If you did this without a contract, then you are a fool. As they say, the road to hell is paved with good intentions. Now you probably won't get paid for even your costs. The job you did is a nightmare job and you should have known this and give at least an estimate to your former client.

Sorry renners, but I get the feeling you are going to get the short end of the stick on this one. Let us know what happened.


----------



## GaryC (Dec 31, 2008)

Just a thought here. You said you had already done some work for her. She has an idea of what's coming. Put your price out there. If a problem comes up, you can always negotiate.


----------



## longgone (May 5, 2009)

You should certainly charge what you know your efforts are worth and most importantly don't undervalue your skills. Once a person starts doubting the value of their skill and time then it becomes a difficult uphill climb to get back where you should be pricing wise.
These people need to be explained the entire extent of what you had to go through even more so than you explained here…including the normal work and all of the unforeseen problems you encountered..


----------



## DKV (Jul 18, 2011)

renners, after having read the responses, conjugated (algebraicly speaking) the imagined and theoretically postulated numerous outcomes I have come to prefer my idea over any other advice including anything The Jesus may contrive to bring justice to the forefront. Give me their number. I'll handle it…


----------



## UpstateNYdude (Dec 20, 2012)

Sounds like you busted your ass and went well beyond what another contractor would have done for her, I'd hand them the bill for what the devil is whispering and if she's shocked get an hourly quote from a couple other contractors in the area at their hourly rate and factor in the materials and then show them what they would have paid.

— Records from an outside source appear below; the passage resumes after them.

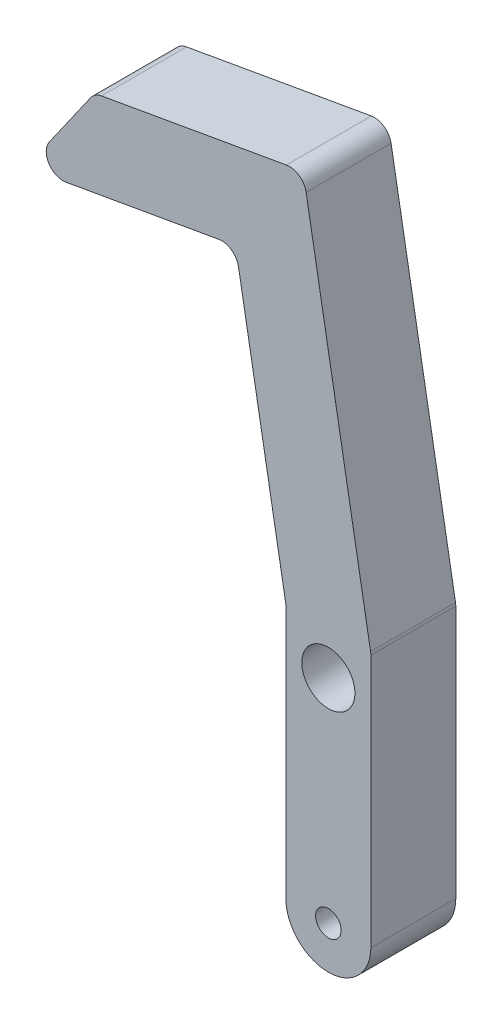
ISO-10303-21;
HEADER;
FILE_DESCRIPTION(('STEP AP214'),'2;1');
FILE_NAME('part.step','',(''),(''),'','','');
FILE_SCHEMA(('AUTOMOTIVE_DESIGN { 1 0 10303 214 1 1 1 1 }'));
ENDSEC;
DATA;
#1=APPLICATION_CONTEXT('core data for automotive mechanical design processes');
#2=APPLICATION_PROTOCOL_DEFINITION('international standard','automotive_design',2000,#1);
#3=PRODUCT_CONTEXT('',#1,'mechanical');
#4=PRODUCT('Part','Part','',(#3));
#5=PRODUCT_RELATED_PRODUCT_CATEGORY('part','',(#4));
#6=PRODUCT_DEFINITION_FORMATION('','',#4);
#7=PRODUCT_DEFINITION_CONTEXT('part definition',#1,'design');
#8=PRODUCT_DEFINITION('design','',#6,#7);
#9=PRODUCT_DEFINITION_SHAPE('','',#8);
#10=(LENGTH_UNIT() NAMED_UNIT(*) SI_UNIT(.MILLI.,.METRE.));
#11=(NAMED_UNIT(*) PLANE_ANGLE_UNIT() SI_UNIT($,.RADIAN.));
#12=(NAMED_UNIT(*) SI_UNIT($,.STERADIAN.) SOLID_ANGLE_UNIT());
#13=UNCERTAINTY_MEASURE_WITH_UNIT(LENGTH_MEASURE(1.E-05),#10,'distance_accuracy_value','');
#14=(GEOMETRIC_REPRESENTATION_CONTEXT(3) GLOBAL_UNCERTAINTY_ASSIGNED_CONTEXT((#13)) GLOBAL_UNIT_ASSIGNED_CONTEXT((#10,
#11,#12)) REPRESENTATION_CONTEXT('',''));
#15=CARTESIAN_POINT('',(0.,0.,0.));
#16=DIRECTION('',(0.,0.,1.));
#17=DIRECTION('',(1.,0.,0.));
#18=AXIS2_PLACEMENT_3D('',#15,#16,#17);
#19=CARTESIAN_POINT('',(0.,-31.75,12.7));
#20=DIRECTION('',(0.,0.,1.));
#21=DIRECTION('',(1.,0.,0.));
#22=AXIS2_PLACEMENT_3D('',#19,#20,#21);
#23=PLANE('',#22);
#24=CARTESIAN_POINT('',(0.,0.,12.7));
#25=DIRECTION('',(0.,0.,1.));
#26=DIRECTION('',(1.,0.,0.));
#27=AXIS2_PLACEMENT_3D('',#24,#25,#26);
#28=CIRCLE('',#27,3.96875);
#29=CARTESIAN_POINT('',(3.96875,0.,12.7));
#30=VERTEX_POINT('',#29);
#31=EDGE_CURVE('E241',#30,#30,#28,.T.);
#32=ORIENTED_EDGE('',*,*,#31,.F.);
#33=EDGE_LOOP('',(#32));
#34=FACE_BOUND('',#33,.T.);
#35=DIRECTION('',(-0.573576436351047,-0.819152044288991,0.));
#36=VECTOR('',#35,1.);
#37=CARTESIAN_POINT('',(-45.2398368870602,43.5087090522824,12.7));
#38=LINE('',#37,#36);
#39=CARTESIAN_POINT('',(-35.5415714532204,57.3592675004766,12.7));
#40=VERTEX_POINT('',#39);
#41=CARTESIAN_POINT('',(-41.7226074173515,48.5318333087015,12.7));
#42=VERTEX_POINT('',#41);
#43=EDGE_CURVE('E235',#40,#42,#38,.T.);
#44=ORIENTED_EDGE('',*,*,#43,.T.);
#45=CARTESIAN_POINT('',(-39.6419612248574,47.0749491603699,12.7));
#46=DIRECTION('',(0.,0.,1.));
#47=DIRECTION('',(1.,0.,0.));
#48=AXIS2_PLACEMENT_3D('',#45,#46,#47);
#49=CIRCLE('',#48,2.54);
#50=CARTESIAN_POINT('',(-39.2008948535834,44.5735374677188,12.7));
#51=VERTEX_POINT('',#50);
#52=EDGE_CURVE('E189',#42,#51,#49,.T.);
#53=ORIENTED_EDGE('',*,*,#52,.T.);
#54=DIRECTION('',(0.984807753012207,0.173648177666935,0.));
#55=VECTOR('',#54,1.);
#56=CARTESIAN_POINT('',(-13.8771855682903,49.0387906663336,12.7));
#57=LINE('',#56,#55);
#58=CARTESIAN_POINT('',(-16.3785972609414,48.5977242950596,12.7));
#59=VERTEX_POINT('',#58);
#60=EDGE_CURVE('E231',#51,#59,#57,.T.);
#61=ORIENTED_EDGE('',*,*,#60,.T.);
#62=CARTESIAN_POINT('',(-15.9375308896674,46.0963126024086,12.7));
#63=DIRECTION('',(0.,0.,1.));
#64=DIRECTION('',(1.,0.,0.));
#65=AXIS2_PLACEMENT_3D('',#62,#63,#64);
#66=CIRCLE('',#65,2.54);
#67=CARTESIAN_POINT('',(-13.4361191970163,46.5373789736826,12.7));
#68=VERTEX_POINT('',#67);
#69=EDGE_CURVE('E11',#59,#68,#66,.F.);
#70=ORIENTED_EDGE('',*,*,#69,.T.);
#71=DIRECTION('',(0.173648177666931,-0.984807753012208,0.));
#72=VECTOR('',#71,1.);
#73=CARTESIAN_POINT('',(-6.35,6.35,12.7));
#74=LINE('',#73,#72);
#75=CARTESIAN_POINT('',(-6.38858830734899,6.56884516591815,12.7));
#76=VERTEX_POINT('',#75);
#77=EDGE_CURVE('E230',#68,#76,#74,.T.);
#78=ORIENTED_EDGE('',*,*,#77,.T.);
#79=CARTESIAN_POINT('',(-8.89,6.12777879464414,12.7));
#80=DIRECTION('',(0.,0.,1.));
#81=DIRECTION('',(1.,0.,0.));
#82=AXIS2_PLACEMENT_3D('',#79,#80,#81);
#83=CIRCLE('',#82,2.54);
#84=CARTESIAN_POINT('',(-6.35,6.12777879464413,12.7));
#85=VERTEX_POINT('',#84);
#86=EDGE_CURVE('E48',#76,#85,#83,.F.);
#87=ORIENTED_EDGE('',*,*,#86,.T.);
#88=DIRECTION('',(0.,-1.,0.));
#89=VECTOR('',#88,1.);
#90=CARTESIAN_POINT('',(-6.35,-31.75,12.7));
#91=LINE('',#90,#89);
#92=CARTESIAN_POINT('',(-6.35,-31.75,12.7));
#93=VERTEX_POINT('',#92);
#94=EDGE_CURVE('E151',#85,#93,#91,.T.);
#95=ORIENTED_EDGE('',*,*,#94,.T.);
#96=CARTESIAN_POINT('',(0.,-31.75,12.7));
#97=DIRECTION('',(0.,0.,1.));
#98=DIRECTION('',(1.,0.,0.));
#99=AXIS2_PLACEMENT_3D('',#96,#97,#98);
#100=CIRCLE('',#99,6.35);
#101=CARTESIAN_POINT('',(6.35,-31.75,12.7));
#102=VERTEX_POINT('',#101);
#103=EDGE_CURVE('E146',#93,#102,#100,.T.);
#104=ORIENTED_EDGE('',*,*,#103,.T.);
#105=DIRECTION('',(0.,1.,0.));
#106=VECTOR('',#105,1.);
#107=CARTESIAN_POINT('',(6.35,-31.75,12.7));
#108=LINE('',#107,#106);
#109=CARTESIAN_POINT('',(6.35,6.12777879464414,12.7));
#110=VERTEX_POINT('',#109);
#111=EDGE_CURVE('E135',#102,#110,#108,.T.);
#112=ORIENTED_EDGE('',*,*,#111,.T.);
#113=CARTESIAN_POINT('',(3.81,6.12777879464415,12.7));
#114=DIRECTION('',(0.,0.,1.));
#115=DIRECTION('',(1.,0.,0.));
#116=AXIS2_PLACEMENT_3D('',#113,#114,#115);
#117=CIRCLE('',#116,2.54);
#118=CARTESIAN_POINT('',(6.31141169265101,6.56884516591816,12.7));
#119=VERTEX_POINT('',#118);
#120=EDGE_CURVE('E183',#110,#119,#117,.T.);
#121=ORIENTED_EDGE('',*,*,#120,.T.);
#122=DIRECTION('',(-0.173648177666931,0.984807753012208,0.));
#123=VECTOR('',#122,1.);
#124=CARTESIAN_POINT('',(-3.76546928266988,63.7176770397067,12.7));
#125=LINE('',#124,#123);
#126=CARTESIAN_POINT('',(-3.32440291139587,61.2162653470557,12.7));
#127=VERTEX_POINT('',#126);
#128=EDGE_CURVE('E145',#119,#127,#125,.T.);
#129=ORIENTED_EDGE('',*,*,#128,.T.);
#130=CARTESIAN_POINT('',(-5.82581460404688,60.7751989757817,12.7));
#131=DIRECTION('',(0.,0.,1.));
#132=DIRECTION('',(1.,0.,0.));
#133=AXIS2_PLACEMENT_3D('',#130,#131,#132);
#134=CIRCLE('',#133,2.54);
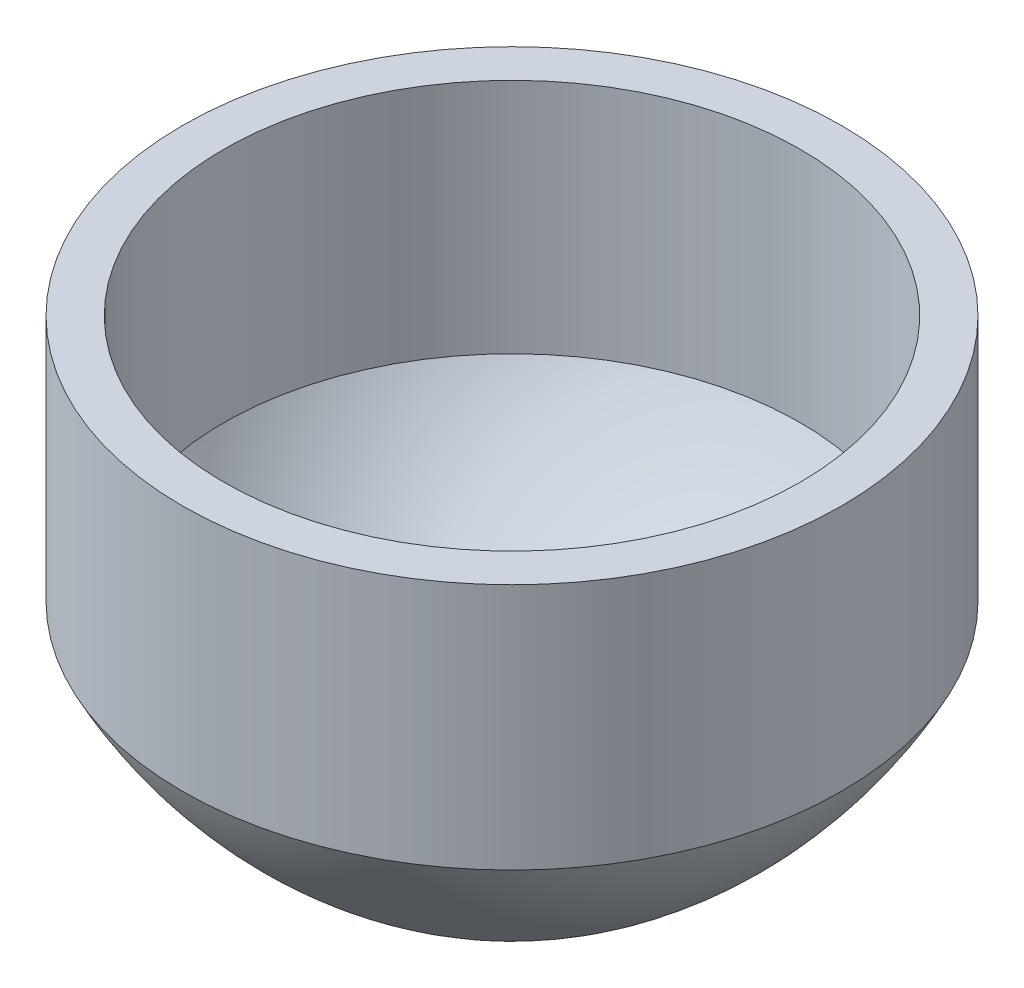
ISO-10303-21;
HEADER;
FILE_DESCRIPTION(('STEP AP214'),'2;1');
FILE_NAME('part.step','',(''),(''),'','','');
FILE_SCHEMA(('AUTOMOTIVE_DESIGN { 1 0 10303 214 1 1 1 1 }'));
ENDSEC;
DATA;
#1=APPLICATION_CONTEXT('core data for automotive mechanical design processes');
#2=APPLICATION_PROTOCOL_DEFINITION('international standard','automotive_design',2000,#1);
#3=PRODUCT_CONTEXT('',#1,'mechanical');
#4=PRODUCT('Part','Part','',(#3));
#5=PRODUCT_RELATED_PRODUCT_CATEGORY('part','',(#4));
#6=PRODUCT_DEFINITION_FORMATION('','',#4);
#7=PRODUCT_DEFINITION_CONTEXT('part definition',#1,'design');
#8=PRODUCT_DEFINITION('design','',#6,#7);
#9=PRODUCT_DEFINITION_SHAPE('','',#8);
#10=(LENGTH_UNIT() NAMED_UNIT(*) SI_UNIT(.MILLI.,.METRE.));
#11=(NAMED_UNIT(*) PLANE_ANGLE_UNIT() SI_UNIT($,.RADIAN.));
#12=(NAMED_UNIT(*) SI_UNIT($,.STERADIAN.) SOLID_ANGLE_UNIT());
#13=UNCERTAINTY_MEASURE_WITH_UNIT(LENGTH_MEASURE(1.E-05),#10,'distance_accuracy_value','');
#14=(GEOMETRIC_REPRESENTATION_CONTEXT(3) GLOBAL_UNCERTAINTY_ASSIGNED_CONTEXT((#13)) GLOBAL_UNIT_ASSIGNED_CONTEXT((#10,
#11,#12)) REPRESENTATION_CONTEXT('',''));
#15=CARTESIAN_POINT('',(0.,0.,0.));
#16=DIRECTION('',(0.,0.,1.));
#17=DIRECTION('',(1.,0.,0.));
#18=AXIS2_PLACEMENT_3D('',#15,#16,#17);
#19=CARTESIAN_POINT('',(3.49148133884313E-12,-1000.,0.));
#20=DIRECTION('',(0.,-1.,0.));
#21=DIRECTION('',(1.,0.,0.));
#22=AXIS2_PLACEMENT_3D('',#19,#20,#21);
#23=CYLINDRICAL_SURFACE('',#22,1600.);
#24=CARTESIAN_POINT('',(0.,-5.55111512312578E-12,0.));
#25=DIRECTION('',(0.,-1.,0.));
#26=DIRECTION('',(1.,0.,0.));
#27=AXIS2_PLACEMENT_3D('',#24,#25,#26);
#28=CIRCLE('',#27,1600.);
#29=CARTESIAN_POINT('',(1600.,0.,0.));
#30=VERTEX_POINT('',#29);
#31=EDGE_CURVE('E56',#30,#30,#28,.T.);
#32=ORIENTED_EDGE('',*,*,#31,.T.);
#33=EDGE_LOOP('',(#32));
#34=FACE_BOUND('',#33,.T.);
#35=CARTESIAN_POINT('',(4.18977760661178E-12,-1200.00000000001,0.));
#36=DIRECTION('',(0.,-1.,0.));
#37=DIRECTION('',(1.,0.,0.));
#38=AXIS2_PLACEMENT_3D('',#35,#36,#37);
#39=CIRCLE('',#38,1600.);
#40=CARTESIAN_POINT('',(1600.,-1200.,0.));
#41=VERTEX_POINT('',#40);
#42=EDGE_CURVE('E11',#41,#41,#39,.T.);
#43=ORIENTED_EDGE('',*,*,#42,.F.);
#44=EDGE_LOOP('',(#43));
#45=FACE_BOUND('',#44,.T.);
#46=ADVANCED_FACE('F32',(#34,#45),#23,.T.);
#47=CARTESIAN_POINT('',(-352.065600855902,-185.386827428753,0.));
#48=DIRECTION('',(0.,0.,-1.));
#49=DIRECTION('',(1.,0.,0.));
#50=AXIS2_PLACEMENT_3D('',#47,#48,#49);
#51=CIRCLE('',#50,2200.);
#52=TRIMMED_CURVE('',#51,(PARAMETER_VALUE(-1.41007546603232)),
(PARAMETER_VALUE(1.41007546603232)),.T.,.PARAMETER.);
#53=CARTESIAN_POINT('',(6.66133814775094E-13,-185.386827428752,0.));
#54=DIRECTION('',(0.,-1.,0.));
#55=AXIS1_PLACEMENT('',#53,#54);
#56=SURFACE_OF_REVOLUTION('',#52,#55);
#57=ORIENTED_EDGE('',*,*,#42,.T.);
#58=EDGE_LOOP('',(#57));
#59=FACE_BOUND('',#58,.T.);
#60=CARTESIAN_POINT('',(0.,-2357.03362483711,0.));
#61=VERTEX_POINT('',#60);
#62=VERTEX_LOOP('',#61);
#63=FACE_BOUND('',#62,.T.);
#64=ADVANCED_FACE('F49',(#59,#63),#56,.T.);
#65=CARTESIAN_POINT('',(-352.065600855902,-185.386827428753,0.));
#66=DIRECTION('',(0.,0.,-1.));
#67=DIRECTION('',(1.,0.,0.));
#68=AXIS2_PLACEMENT_3D('',#65,#66,#67);
#69=CIRCLE('',#68,2000.);
#70=TRIMMED_CURVE('',#69,(PARAMETER_VALUE(-1.39384147267305)),
(PARAMETER_VALUE(1.39384147267305)),.T.,.PARAMETER.);
#71=CARTESIAN_POINT('',(6.66133814775094E-13,-185.386827428752,0.));
#72=DIRECTION('',(0.,-1.,0.));
#73=AXIS1_PLACEMENT('',#71,#72);
#74=SURFACE_OF_REVOLUTION('',#70,#73);
#75=CARTESIAN_POINT('',(2.16493489801906E-12,-2154.15543056473,0.));
#76=VERTEX_POINT('',#75);
#77=VERTEX_LOOP('',#76);
#78=FACE_BOUND('',#77,.T.);
#79=CARTESIAN_POINT('',(4.0148190430442E-12,-1149.88987578965,0.));
#80=DIRECTION('',(0.,-1.,0.));
#81=DIRECTION('',(1.,0.,0.));
#82=AXIS2_PLACEMENT_3D('',#79,#80,#81);
#83=CIRCLE('',#82,1400.);
#84=CARTESIAN_POINT('',(1400.,-1149.88987578964,0.));
#85=VERTEX_POINT('',#84);
#86=EDGE_CURVE('E39',#85,#85,#83,.T.);
#87=ORIENTED_EDGE('',*,*,#86,.F.);
#88=EDGE_LOOP('',(#87));
#89=FACE_BOUND('',#88,.T.);
#90=ADVANCED_FACE('F45',(#78,#89),#74,.F.);
#91=CARTESIAN_POINT('',(3.49148133884313E-12,-1000.,0.));
#92=DIRECTION('',(0.,-1.,0.));
#93=DIRECTION('',(1.,0.,0.));
#94=AXIS2_PLACEMENT_3D('',#91,#92,#93);
#95=CYLINDRICAL_SURFACE('',#94,1400.);
#96=ORIENTED_EDGE('',*,*,#86,.T.);
#97=EDGE_LOOP('',(#96));
#98=FACE_BOUND('',#97,.T.);
#99=CARTESIAN_POINT('',(0.,-4.88498130835069E-12,0.));
#100=DIRECTION('',(0.,-1.,0.));
#101=DIRECTION('',(1.,0.,0.));
#102=AXIS2_PLACEMENT_3D('',#99,#100,#101);
#103=CIRCLE('',#102,1400.);
#104=CARTESIAN_POINT('',(1400.,0.,0.));
#105=VERTEX_POINT('',#104);
#106=EDGE_CURVE('E54',#105,#105,#103,.T.);
#107=ORIENTED_EDGE('',*,*,#106,.F.);
#108=EDGE_LOOP('',(#107));
#109=FACE_BOUND('',#108,.T.);
#110=ADVANCED_FACE('F48',(#98,#109),#95,.F.);
#111=CARTESIAN_POINT('',(1400.,-3.49148133884313E-13,0.));
#112=DIRECTION('',(0.,1.,0.));
#113=DIRECTION('',(-1.,0.,0.));
#114=AXIS2_PLACEMENT_3D('',#111,#112,#113);
#115=PLANE('',#114);
#116=ORIENTED_EDGE('',*,*,#106,.T.);
#117=EDGE_LOOP('',(#116));
#118=FACE_BOUND('',#117,.T.);
#119=ORIENTED_EDGE('',*,*,#31,.F.);
#120=EDGE_LOOP('',(#119));
#121=FACE_BOUND('',#120,.T.);
#122=ADVANCED_FACE('F64',(#118,#121),#115,.T.);
#123=CLOSED_SHELL('',(#46,#64,#90,#110,#122));
#124=MANIFOLD_SOLID_BREP('B2',#123);
#125=ADVANCED_BREP_SHAPE_REPRESENTATION('',(#18,#124),#14);
#126=SHAPE_DEFINITION_REPRESENTATION(#9,#125);
ENDSEC;
END-ISO-10303-21;

I wouldn't short change myself if I were you she doesn't like it as others have said negotiate down you can't go the other direction.


----------



## Loren (May 30, 2008)

Itemize it out. Give them a bill. You should be paid as 
agreed. Probably the worst outcome is they offer to 
pay part of it in installments.

If the invoice is meticulously itemized the client can
really look it over and think about it. This is a
preferable outcome to setting up a confrontational
meeting where you have to verbally defend the
bill.

If at some points in the job you weren't giving them
their money's worth, then feel free to penalize yourself
for slacking… but if you put in solid time and you
agreed to be paid hourly after the job, then ask
for what was agreed.


----------



## Purrmaster (Sep 1, 2012)

I'd say the fact that you're even agonizing over this shows that you have a good heart. You're exactly the kind of person I'd want for my contractor.

Itemizing sounds like a good idea. They can see exactly what the costs are.

Another factor to consider might be what kind of word of mouth advertising they would give you. It sounds like the man might not give you your due.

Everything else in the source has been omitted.